Aber auch Gewaltverherrlichende Bilder und Filme teilen Nutzer, hier vor allem Schülerinnen und Schüler, über die Instant Messenger. In aller Regel sind diese Filme oder Sequenzen nur wenige Sekunden lang. Dargestellt bzw. dokumentiert werden darin oft Akte brutaler Körperverletzung und Tötung. Die Herstellung und Verbreitung von Medien, die grausame oder unmenschliche Gewalttätigkeiten gegen Menschen zeigen, sind verboten und im Strafgesetzbuch in § 131 StGB unter Strafe gestellt. Dieses Verbot beinhaltet unter anderem auch die Verherrlichung von Gewalt und Krieg sowie die Verletzung der Menschenwürde.

Ist das Verbreiten und Teilen verbotener Inhalte immer strafbar?

Hier muss differenziert werden. Wer strafbare WhatsApp-Inhalte in einem Privatchat an nur eine oder sehr wenige ihm bekannte Personen sendet, bleibt meist straffrei, wenn das Material nicht mit der Absicht der Weiterverbreitung versendet wurde. Das Versenden an eine Person kann aber genügen, wenn ihr die Vorstellung zugrundeliegt, dass der Gegenstand weiteren Personen zugänglich gemacht wird (sog .Kettenverbreitung, BGHSt 19, 63, 71).

Das Verbreiten verbotener Inhalte in (großen) Gruppenchats zieht hingegen schnell eine Strafbarkeit nach sich (gegebenenfalls auch das Empfangen). Unter Verbreiten versteht man allgemein das Zugänglichmachen eines Inhalts an einen großen Personenkreis.

Welche Strafen drohen?

Kinder unter 14 Jahren sind nach § 19 StGB grundsätzlich schuldunfähig und können für ihre Taten strafrechtlich nicht belangt werden.

Jugendliche zwischen 14 und 17 Jahren werden nach dem Jugendgerichtsgesetz individuell und nach persönlichem Reifegrad für begangene Straftaten zur Verantwortung gezogen.

Erwachsenden droht dahingegen gem. § 184b StGB bei Verbreitung, Erwerb und Besitz kinderpornographischer Inhalte eine Freiheitsstrafe von drei Monaten bis zu fünf Jahren. Bei einer Strafe von über 3 Monaten ist man vorbestraft; davon abgesehen zieht eine Verurteilung immer auch den Eintrag im erweiterten pol.

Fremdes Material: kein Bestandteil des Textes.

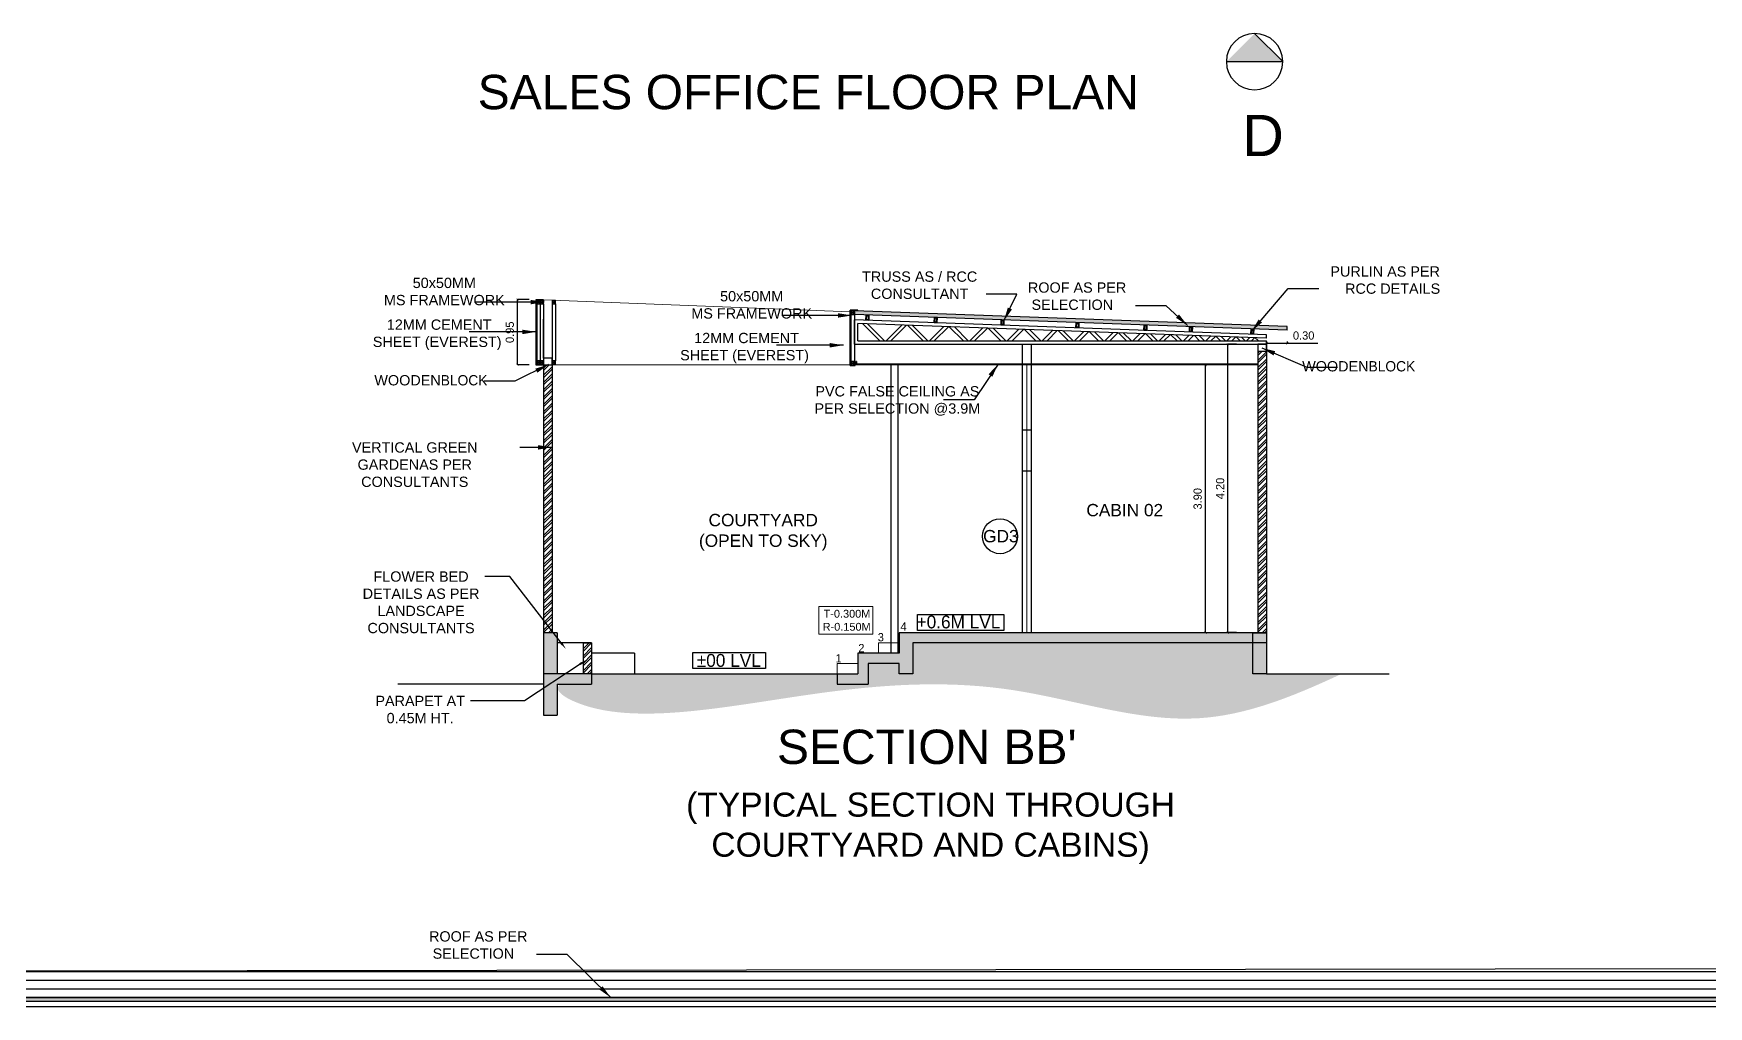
# Model space of a CAD drawing. Header units: metres. Extents: x 494 to 1845, y -666 to 1061.
# Drawn here: x 1492.62 to 1517.01, y 254.01 to 268.19 of the extents above; entities that cross this region are included whole.
import ezdxf
from ezdxf import colors
from ezdxf.entities.mleader import LeaderData, LeaderLine
from ezdxf.math import Vec2, Vec3

# ---------------------------------------------------------------- set-up
doc = ezdxf.new("R2010")
doc.units = ezdxf.units.M
doc.header["$MEASUREMENT"] = 0
doc.linetypes.add('1', pattern=[0])
doc.layers.get('Defpoints').update_dxf_attribs({"color": 12})
for name, color, linetype, lineweight in [('07 TEXT', 7, 'Continuous', 13), ('DIMENSION', 8, 'Continuous', 5), ('VDA-Col-slab', 1, 'Continuous', 30), ('VDA-ELEV LINES', 8, 'Continuous', 9), ('VDA-FURNITURE', 8, 'Continuous', 13), ('VDA-HATCH', 8, 'Continuous', 9), ('VDA-WALL', 250, 'Continuous', 25), ('VDA-WINDOW', 5, 'Continuous', 9)]:
    doc.layers.add(name, color=color, linetype=linetype, lineweight=lineweight)
for name, color, linetype in [('SHEET', 7, 'Continuous'), ('VDA DIMENSION', 8, 'Continuous'), ('VDA-DRIVEWAY', 250, '1'), ('VDA-TEXT', 250, '1'), ('VDA-WALL BELOW', 8, 'Continuous'), ('VDA_CEILING', 250, 'Continuous'), ('VDA_ROOF', 250, 'Continuous'), ('VDA_WALL BELOW', 8, '1')]:
    doc.layers.add(name, color=color, linetype=linetype)
doc.styles.add('0.2', font='arial.ttf', dxfattribs={"height": 0.2})
doc.styles.add('arial', font='arial.ttf', dxfattribs={"height": 0.3})
doc.styles.add('PDF Century Gothic Bold', font='GOTHICB.TTF')
doc.styles.add('RS', font='GOTHIC.TTF')
doc.styles.get("Standard").update_dxf_attribs({"font": 'arial.ttf'})
doc.dimstyles.new('SMALL-1', dxfattribs={"dimtxt": 0.16, "dimasz": 0.035, "dimexe": 0, "dimexo": 0.1, "dimgap": 0.05, "dimtad": 1, "dimzin": 0, "dimdsep": 46, "dimtxsty": 'RS', "dimblk": 'DOT', "dimcen": 2.5, "dimclrd": 256, "dimclre": 256, "dimclrt": 5, "dimadec": 0, "dimazin": 0, "dimtfac": 1, "dimtdec": 3, "dimtofl": 0, "dimtmove": 0, "dimatfit": 3, "dimfxl": 0, "dimtolj": 1, "dimtzin": 0, "dimarcsym": 0})

# ---------------------------------------------------------------- blocks, each defined once
blk = doc.blocks.new('RWRERE')
h = blk.add_hatch(color=251)
h.dxf.hatch_style = 1
h.paths.add_polyline_path([(0, 0.383), (-0.383, 0), (0.383, 0)])
for p, q in [((-0.383, 0), (0, 0.383)), ((0.383, 0), (-0.383, 0))]:
    blk.add_line(p, q)
blk.add_circle((0, 0), 0.383)
blk = doc.blocks.new('sdfsadddddddddddddddddd')
h = blk.add_hatch(color=8)
h.dxf.hatch_style = 1
h.paths.add_polyline_path([(0.05, 0), (0.05, 0.05), (0, 0.05), (0, 0)])
h.paths.add_polyline_path([(0.786, 0), (0.786, 0.05), (0.736, 0.05), (0.736, 0)])
at = {"layer": 'VDA_ROOF'}
for p, q in [((0, 0.05), (0.774, 0.05)), ((0.05, 0), (0, 0.05)), ((0.05, 0.05), (0, 0)), ((0, 0.05), (0, 0)), ((0.736, 0.05), (0.05, 0.05)), ((0.786, 0), (0.736, 0.05)), ((0.786, 0.05), (0.736, 0)), ((0, 0), (0.05, 0)), ((0.772, 0), (0.05, 0))]:
    blk.add_line(p, q, dxfattribs=at)
at = {"layer": 'VDA_ROOF', "lineweight": 30}
for points in [[(0.05, 0), (0.05, 0.05), (0, 0.05), (0, 0)], [(0.786, 0), (0.786, 0.05), (0.736, 0.05), (0.736, 0)]]:
    blk.add_lwpolyline(points, close=True, dxfattribs=at)
blk = doc.blocks.new('AERHGAERTH')
at = {"layer": 'VDA_ROOF'}
h = blk.add_hatch(color=8, dxfattribs=at)
h.dxf.hatch_style = 1
h.paths.add_polyline_path([(8205.522, -3626.215), (8205.602, -3626.215), (8205.602, -3626.175), (8205.522, -3626.175)])
h.paths.add_polyline_path([(8205.532, -3626.205), (8205.592, -3626.205), (8205.592, -3626.185), (8205.532, -3626.185)], flags=16)
for points in [[(8205.602, -3626.215), (8205.522, -3626.215), (8205.522, -3626.175), (8205.602, -3626.175)], [(8205.592, -3626.205), (8205.532, -3626.205), (8205.532, -3626.185), (8205.592, -3626.185)]]:
    blk.add_lwpolyline(points, close=True, dxfattribs=at)
blk = doc.blocks.new('SDAFASDFSD')
for p, q in [((-0.025, -0.025), (0.025, 0.025)), ((-0.025, 0.025), (0.025, -0.025))]:
    blk.add_line(p, q)
at = {"lineweight": 30}
blk.add_lwpolyline([(0.025, 0.025), (-0.025, 0.025), (-0.025, -0.025), (0.025, -0.025)], close=True, dxfattribs=at)
blk = doc.blocks.new('ASFDFASDF')
at = {"layer": 'VDA_ROOF'}
h = blk.add_hatch(color=8, dxfattribs=at)
h.dxf.hatch_style = 1
h.paths.add_polyline_path([(0, -0.929), (-0.05, -0.929), (-0.05, -0.879), (0, -0.879)])
h.paths.add_polyline_path([(0, -0.05), (-0.05, -0.05), (-0.05, 0), (0, 0)])
for p, q in [((-0.05, -0.05), (-0.05, -0.879)), ((0, -0.05), (0, -0.879)), ((0, -0.879), (-0.05, -0.929)), ((-0.05, -0.879), (0, -0.929))]:
    blk.add_line(p, q, dxfattribs=at)
at = {"layer": 'VDA_ROOF', "lineweight": 30}
blk.add_lwpolyline([(0, -0.879), (-0.05, -0.879), (-0.05, -0.929), (0, -0.929)], close=True, dxfattribs=at)
at = {"layer": 'VDA_ROOF'}
blk.add_blockref('SDAFASDFSD', (-0.025, -0.025), dxfattribs=at)
blk = doc.blocks.new('_ArchTick')
at = {"color": 0, "linetype": 'ByBlock', "const_width": 0.15}
blk.add_lwpolyline([(-0.5, -0.5), (0.5, 0.5)], dxfattribs=at)
blk = doc.blocks.new('*D306')
at = {"layer": 'Defpoints', "color": 0}
for p in [(1499.669, 264.31), (1499.937, 264.31), (1499.937, 263.36)]:
    blk.add_point(p, dxfattribs=at)
at = {"layer": 'VDA DIMENSION', "lineweight": -2}
for p, q in [((1499.837, 264.31), (1499.669, 264.31)), ((1499.669, 263.36), (1499.669, 264.31)), ((1499.837, 263.36), (1499.669, 263.36))]:
    blk.add_line(p, q, dxfattribs=at)
at = {"layer": 'VDA DIMENSION', "lineweight": -2, "xscale": 0.035, "yscale": 0.035, "zscale": 0.035}
for p, rotation in [((1499.669, 264.31), 90.00000005197307), ((1499.669, 263.36), 270.000000051973)]:
    blk.add_blockref('_ArchTick', p, dxfattribs=dict(at, rotation=rotation))
at = {"layer": 'VDA DIMENSION', "color": 5, "insert": (1499.556, 263.835), "char_height": 0.12, "attachment_point": 5, "rotation": 90, "style": 'RS'}
blk.add_mtext('\\A1;0.95', dxfattribs=at)
blk = doc.blocks.new('*D307')
at = {"layer": 'Defpoints', "color": 0}
for p in [(1510.01, 263.66), (1510.236, 263.66), (1510.236, 259.46)]:
    blk.add_point(p, dxfattribs=at)
at = {"layer": 'VDA DIMENSION', "lineweight": -2}
for p, q in [((1510.136, 263.66), (1510.01, 263.66)), ((1510.01, 259.46), (1510.01, 263.66)), ((1510.136, 259.46), (1510.01, 259.46))]:
    blk.add_line(p, q, dxfattribs=at)
at = {"layer": 'VDA DIMENSION', "lineweight": -2, "xscale": 0.035, "yscale": 0.035, "zscale": 0.035}
for p, rotation in [((1510.01, 263.66), 90), ((1510.01, 259.46), 270)]:
    blk.add_blockref('_ArchTick', p, dxfattribs=dict(at, rotation=rotation))
at = {"layer": 'VDA DIMENSION', "color": 5, "insert": (1509.897, 261.56), "char_height": 0.12, "attachment_point": 5, "rotation": 90, "style": 'RS'}
blk.add_mtext('\\A1;4.20', dxfattribs=at)
blk = doc.blocks.new('*D308')
at = {"layer": 'Defpoints', "color": 0}
for p in [(1509.683, 263.36), (1509.791, 263.36), (1509.791, 259.46)]:
    blk.add_point(p, dxfattribs=at)
at = {"layer": 'VDA DIMENSION', "lineweight": -2}
for p, q in [((1509.691, 263.36), (1509.683, 263.36)), ((1509.683, 259.46), (1509.683, 263.36)), ((1509.691, 259.46), (1509.683, 259.46))]:
    blk.add_line(p, q, dxfattribs=at)
at = {"layer": 'VDA DIMENSION', "lineweight": -2, "xscale": 0.035, "yscale": 0.035, "zscale": 0.035}
for p, rotation in [((1509.683, 263.36), 90), ((1509.683, 259.46), 270)]:
    blk.add_blockref('_ArchTick', p, dxfattribs=dict(at, rotation=rotation))
at = {"layer": 'VDA DIMENSION', "color": 5, "insert": (1509.57, 261.41), "char_height": 0.12, "attachment_point": 5, "rotation": 90, "style": 'RS'}
blk.add_mtext('\\A1;3.90', dxfattribs=at)
blk = doc.blocks.new('_Dot')
at = {"color": 0, "linetype": 'ByBlock', "lineweight": -2}
blk.add_line((-0.5, 0), (-1, 0), dxfattribs=at)
at = {"color": 0, "linetype": 'ByBlock', "const_width": 0.5}
blk.add_lwpolyline([(-0.25, 0, 1), (0.25, 0, 1)], format="xyb", close=True, dxfattribs=at)
blk = doc.blocks.new('PB')
at = {"layer": 'VDA-HATCH', "lineweight": 40}
h = blk.add_hatch(color=256, dxfattribs=at)
h.dxf.hatch_style = 1
h.paths.add_polyline_path([(1495.965, 261.215), (1495.765, 261.215), (1495.765, 260.615), (1495.965, 260.615)])
at = {"layer": 'VDA-Col-slab'}
blk.add_lwpolyline([(1495.765, 261.215), (1495.965, 261.215), (1495.965, 260.615), (1495.765, 260.615)], close=True, dxfattribs=at)
blk = doc.blocks.new('*D332')
at = {"layer": 'Defpoints', "color": 0}
for p in [(1510.572, 263.799), (1510.872, 263.799), (1510.872, 263.674)]:
    blk.add_point(p, dxfattribs=at)
at = {"layer": 'VDA DIMENSION', "lineweight": -2}
for p, q in [((1510.572, 263.699), (1510.572, 263.674)), ((1510.572, 263.674), (1510.872, 263.674)), ((1510.872, 263.699), (1510.872, 263.674)), ((1510.872, 263.674), (1511.32, 263.674))]:
    blk.add_line(p, q, dxfattribs=at)
at = {"layer": 'VDA DIMENSION', "lineweight": -2, "xscale": 0.035, "yscale": 0.035, "zscale": 0.035, "rotation": 180}
blk.add_blockref('_ArchTick', (1510.572, 263.674), dxfattribs=at)
at = {"layer": 'VDA DIMENSION', "lineweight": -2, "xscale": 0.035, "yscale": 0.035, "zscale": 0.035}
blk.add_blockref('_ArchTick', (1510.872, 263.674), dxfattribs=at)
at = {"layer": 'VDA DIMENSION', "color": 5, "insert": (1511.113, 263.787), "char_height": 0.12, "attachment_point": 5, "style": 'RS'}
blk.add_mtext('\\A1;0.30', dxfattribs=at)

msp = doc.modelspace()

# ---------------------------------------------------------------- hatches: boundary and pattern name
at = {"layer": 'VDA-HATCH'}
for points in [[(1510.8717, 263.8679), (1504.5717, 264.0959), (1504.5717, 264.1459), (1510.8717, 263.9179)], [(1537.3521, 254.1451), (1477.092, 254.1451), (1477.092, 254.0951), (1537.3521, 254.0951)]]:
    msp.add_hatch(color=8, dxfattribs=at).paths.add_polyline_path(points)
at = {"layer": 'VDA-HATCH', "lineweight": 0}
h = msp.add_hatch(dxfattribs=at)
h.set_pattern_fill('ANSI32', color=8, scale=0.2, angle=360)
h.set_pattern_definition([(45, (-38511.77572, 7005.07432), (-0.05303300859, 0.05303300859), []), (45, (-38511.740365, 7005.07432), (-0.05303300859, 0.05303300859), [])])
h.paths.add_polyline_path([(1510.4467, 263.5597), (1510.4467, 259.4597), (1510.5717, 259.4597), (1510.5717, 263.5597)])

Führungszeugnis nach sich.

Wie verhalte ich mich konkret, wenn ich verbotene Inhalte bekomme?

Grundsätzlich gibt es hier nur eine richtige Reaktion:

Löschen Sie die erhaltenen Inhalte sofort und leiten Sie sie keinesfalls weiter. Treten Sie aus der Gruppe aus und sperren Sie den Absender. Keinesfalls dürfen Sie solche Inhalte speichern. Je nachdem, um welche Art von verbotenem Inhalt es sich handelt, sollten Sie sogar eine Strafanzeige in Erwägung ziehen.

Dennoch kann es aber sein, dass Sie als Empfänger einer solchen Nachricht als Mitglied in einer Gruppe ins Visier der Ermittlungsbehörden geraten und ihr Mobiltelefon beschlagnahmt werden kann.

Spätestens jetzt sollten Sie einen Fachanwalt für Strafrecht aufsuchen und bevor Sie mit Ihrem Verteidiger gesprochen haben weder Angaben gegenüber den Ermittlungsbehörden machen noch den Code/Pin Ihres Mobiltelefons zum Entsperren herausgeben.

Warum Sie einen Strafverteidiger beauftragen sollten

Nur der Verteidiger kann mit der Staatsanwaltschaft und dem Gericht auf Augenhöhe verhandeln. Der Strafverteidiger wird auf die Einhaltung Ihrer Rechte bestehen. Hierbei geht es insbesondere um Fragen, ob und wie der Inhalt in Ihren Besitz gelangt ist, um die Fragen der Fahrlässigkeit usw. Gegebenenfalls kann erreicht werden, dass das Verfahren z.B. wegen Geringfügigkeit mit oder ohne Auflage eingestellt wird.